Residential Composting of Infested Fruit: A Potential Pathway for Spread of Anastrepha Fruit Flies (Diptera: Tephritidae)

Paul E. Kendra, Michael K. Hennessey, Wayne S. Montgomery, Edward M. Jones, and Nancy D. E

Abstract


Composting plant waste is a beneficial practice commonly used by American gardeners, but disposal of infested fruit directly into the environment creates a potential pathway for introduction of insect pests. This study estimates the likelihood of adult emergence for exotic fruit flies (Tephritidae) from residential composting in south Florida. Ripe grapefruits, Citrus × paradisi Macfad., were infested with the Caribbean fruit fly, Anastrepha suspensa (Loew). Half of the infested fruit was placed onto outdoor compost piles and half was maintained under controlled laboratory conditions. Adult fly emergence was recorded daily for 30 d from both the compost piles and control bins. Compost temperature, air temperature, relative humidity, and precipitation were monitored, and the study was repeated 4 times under different seasonal conditions.
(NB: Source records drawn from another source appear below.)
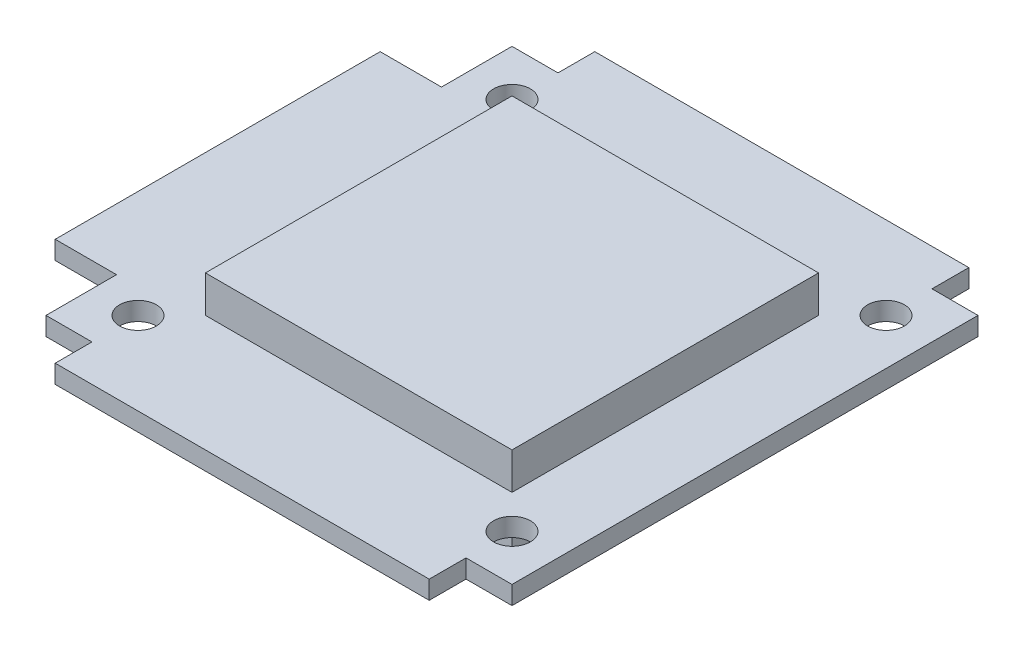
SolidWorks part; units mm, degrees
ref_plane "前视基准面" through (0, 0, 0) normal (0, 0, 1) x (1, 0, 0)
ref_plane "上视基准面" through (0, 0, 0) normal (0, 1, 0) x (1, 0, 0)
ref_plane "右视基准面" through (0, 0, 0) normal (1, 0, 0) x (0, 0, -1)
other "Configuration Table"
sketch "草图1" plane through (0, 0, 0) normal (0, 1, 0) x (1, 0, 0)
  line L1 (-19, -19) -> (19, -19)
  line L2 (-19, -19) -> (-19, 19)
  line L3 (-19, 19) -> (19, 19)
  line L4 (19, -19) -> (19, 19)
  line L5 (-19, -19) -> (19, 19) construction
  line L6 (-19, 19) -> (19, -19) construction
  circle A0 centre (-15.25, 15.25) radius 1.5
  circle A1 centre (15.25, 15.25) radius 1.5
  circle A2 centre (15.25, -15.25) radius 1.5
  circle A3 centre (-15.25, -15.25) radius 1.5
  point P0 (0, 0)
  point P17 (0, 0)
  dimension "D3" = 3
  dimension "D4" = 15.25
  dimension "D5" = 4
  dimension "D1" = 38
  dimension "D2" = 38
extrude "凸台-拉伸1" add sketch "草图1" along normal blind 1.5
sketch "草图2" plane through (0, 0, 0) normal (0, -1, 0) x (1, 0, 0)
  line L0 (-19, -19) -> (-19, 19) construction
  line L1 (-19, 13.25) -> (-24, 13.25)
  line L2 (-19, 13.25) -> (-19, -13.25)
  line L3 (-19, -13.25) -> (-24, -13.25)
  line L4 (-24, 13.25) -> (-24, -13.25)
  line L10 (19, -19) -> (-19, -19) construction
  line L11 (-15.25, -19) -> (15.25, -19)
  line L12 (-15.25, -19) -> (-15.25, -22)
  line L13 (-15.25, -22) -> (15.25, -22)
  line L14 (15.25, -19) -> (15.25, -22)
  line L15 (-1000, 0) -> (49000, 0) construction
  line L16 (-15.25, 22) -> (15.25, 22)
  line L17 (15.25, 19) -> (15.25, 22)
  line L18 (-15.25, 19) -> (15.25, 19)
  line L19 (-15.25, 19) -> (-15.25, 22)
  circle A0 centre (-15.25, -15.25) radius 1.5 construction
  circle A1 centre (15.25, -15.25) radius 1.5 construction
  circle A3 centre (-15.25, 15.25) radius 1.5 construction
  point P18 (-15.25, -20.5)
  dimension "D1" = 3
  dimension "D2" = 0
  dimension "D3" = 0
  dimension "D4" = 2
  dimension "D5" = 2
  dimension "D7" = 5
extrude "凸台-拉伸2" add sketch "草图2" against normal blind 1.5
sketch "草图3" plane through (0, 1.5, 0) normal (0, 1, 0) x (1, 0, 0)
  line L1 (-12.5, -12.5) -> (12.5, -12.5)
  line L2 (-12.5, -12.5) -> (-12.5, 12.5)
  line L3 (-12.5, 12.5) -> (12.5, 12.5)
  line L4 (12.5, -12.5) -> (12.5, 12.5)
  line L5 (-12.5, -12.5) -> (12.5, 12.5) construction
  line L6 (-12.5, 12.5) -> (12.5, -12.5) construction
  point P0 (0, 0)
  dimension "D1" = 25
  dimension "D2" = 25
extrude "凸台-拉伸3" add sketch "草图3" along normal blind 3 and the other way blind 4.5
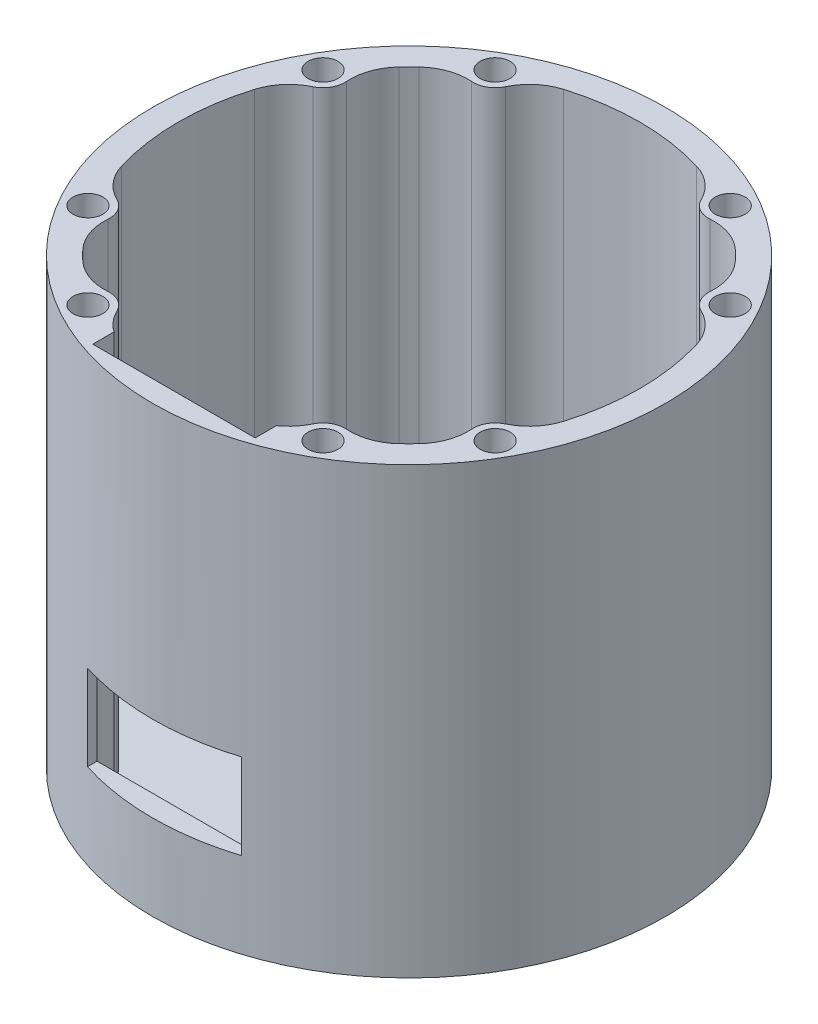
SolidWorks part; units mm, degrees
ref_plane "Ön Düzlem" through (0, 0, 0) normal (0, 0, 1) x (1, 0, 0)
ref_plane "Üst Düzlem" through (0, 0, 0) normal (0, 1, 0) x (1, 0, 0)
ref_plane "Sağ Düzlem" through (0, 0, 0) normal (1, 0, 0) x (0, 0, -1)
sketch "Sketch1" plane through (0, 0, 0) normal (0, 1, 0) x (1, 0, 0)
  circle A0 centre (0, 0) radius 30
  dimension "D1" = 60
extrude "Boss-Extrude1" add sketch "Sketch1" along normal blind 52
sketch "Sketch2" plane through (0, 52, 0) normal (0, 1, 0) x (1, 0, 0)
  line L23 (0, -35.176) -> (0, 35.176) construction
  line L24 (-35.1454, 0) -> (35.1454, 0) construction
  line L25 (0, 0) -> (-17.5855, 30.4589) construction
  arc A0 (-15.5866, 22.0467) -> (-22.0467, 15.5866) centre (0, 0) ccw
  arc A9 (-15.5866, 22.0467) -> (-11.2997, 24.5218) centre (-13.75, 23.8157) ccw
  arc A10 (-24.5218, 11.2997) -> (-22.0467, 15.5866) centre (-23.8157, 13.75) ccw
  arc A11 (-22.0467, -15.5866) -> (-24.5218, -11.2997) centre (-23.8157, -13.75) ccw
  arc A12 (-11.2997, -24.5218) -> (-15.5866, -22.0467) centre (-13.75, -23.8157) ccw
  arc A13 (15.5866, -22.0467) -> (11.2997, -24.5218) centre (13.75, -23.8157) ccw
  arc A14 (24.5218, -11.2997) -> (22.0467, -15.5866) centre (23.8157, -13.75) ccw
  arc A15 (22.0467, 15.5866) -> (24.5218, 11.2997) centre (23.8157, 13.75) ccw
  arc A16 (11.2997, 24.5218) -> (15.5866, 22.0467) centre (13.75, 23.8157) ccw
  arc A19 (-24.5218, 11.2997) -> (-24.5218, -11.2997) centre (0, 0) ccw
  arc A20 (-22.0467, -15.5866) -> (-15.5866, -22.0467) centre (0, 0) ccw
  arc A21 (15.5866, -22.0467) -> (22.0467, -15.5866) centre (0, 0) ccw
  arc A22 (-11.2997, -24.5218) -> (11.2997, -24.5218) centre (0, 0) ccw
  arc A23 (24.5218, -11.2997) -> (24.5218, 11.2997) centre (0, 0) ccw
  arc A24 (22.0467, 15.5866) -> (15.5866, 22.0467) centre (0, 0) ccw
  arc A25 (11.2997, 24.5218) -> (-11.2997, 24.5218) centre (0, 0) ccw
  point P8 (0, 0)
  point P13 (0, 0)
  point P17 (0, 0)
  point P30 (0, 0)
  dimension "D2" = 27.5
  dimension "D6" = 54
  dimension "D1" = 2.55
  dimension "D7" = 30
extrude "Cut-Extrude1" cut sketch "Sketch2" against normal blind 47
fillet "Fillet1" radius 6 16 edges at (-22.0467, 28.5, -15.5866) (-24.5218, 28.5, -11.2997) (-24.5218, 28.5, 11.2997) (-22.0467, 28.5, 15.5866) (-15.5866, 28.5, 22.0467) (-11.2997, 28.5, 24.5218) (11.2997, 28.5, 24.5218) (15.5866, 28.5, 22.0467) (22.0467, 28.5, 15.5866) (24.5218, 28.5, 11.2997) (24.5218, 28.5, -11.2997) (22.0467, 28.5, -15.5866) (15.5866, 28.5, -22.0467) (11.2997, 28.5, -24.5218) (-11.2997, 28.5, -24.5218) (-15.5866, 28.5, -22.0467)
sketch "Sketch4" plane through (0, 52, 0) normal (0, 1, 0) x (1, 0, 0)
  line L0 (-9.5, -27.5) -> (9.5, -27.5)
  line L1 (-9.5, -27.5) -> (-9.5, -24.5)
  line L2 (-9.5, -24.5) -> (9.5, -24.5)
  line L3 (9.5, -24.5) -> (9.5, -27.5)
  point P0 (0, -27.5)
  point P5 (0, -27.5)
  dimension "D1" = 27.5
  dimension "D2" = 19
  dimension "D3" = 3
extrude "Cut-Extrude3" cut sketch "Sketch4" against normal blind 45
sketch "Sketch6" plane through (0, 52, 0) normal (0, 1, 0) x (1, 0, 0)
  circle A0 centre (-13.75, 23.8157) radius 1.75
  circle A1 centre (-23.8157, 13.75) radius 1.75
  circle A2 centre (-23.8157, -13.75) radius 1.75
  circle A3 centre (-13.75, -23.8157) radius 1.75
  circle A4 centre (13.75, -23.8157) radius 1.75
  circle A5 centre (23.8157, -13.75) radius 1.75
  circle A6 centre (23.8157, 13.75) radius 1.75
  circle A7 centre (13.75, 23.8157) radius 1.75
  dimension "D1" = 3.5
extrude "Cut-Extrude4" cut sketch "Sketch6" against normal blind 5.5
sketch "Sketch7" plane through (0, 0, 0) normal (0, 0, 1) x (1, 0, 0)
  line L1 (-9, 10) -> (9, 10)
  line L2 (-9, 10) -> (-9, 20)
  line L3 (-9, 20) -> (9, 20)
  line L4 (9, 10) -> (9, 20)
  line L5 (-9, 10) -> (9, 20) construction
  line L6 (-9, 20) -> (9, 10) construction
  point P0 (0, 15)
  dimension "D1" = 18
  dimension "D2" = 10
  dimension "D3" = 10
extrude "Cut-Extrude5" cut sketch "Sketch7" along normal up to next

Despite high mortality of flies from the composted fruit relative to control fruit, the overall risk of a potentially mated female emerging from composted fruit was calculated to be 10%. Of the environmental factors evaluated, compost temperature was found to have a significant effect on adult emergence. Mortality approached 100% in piles with maximum compost temperatures =48°C. This report provides experimental data in support of quantitative risk analysis for a tephritid-compost pathway.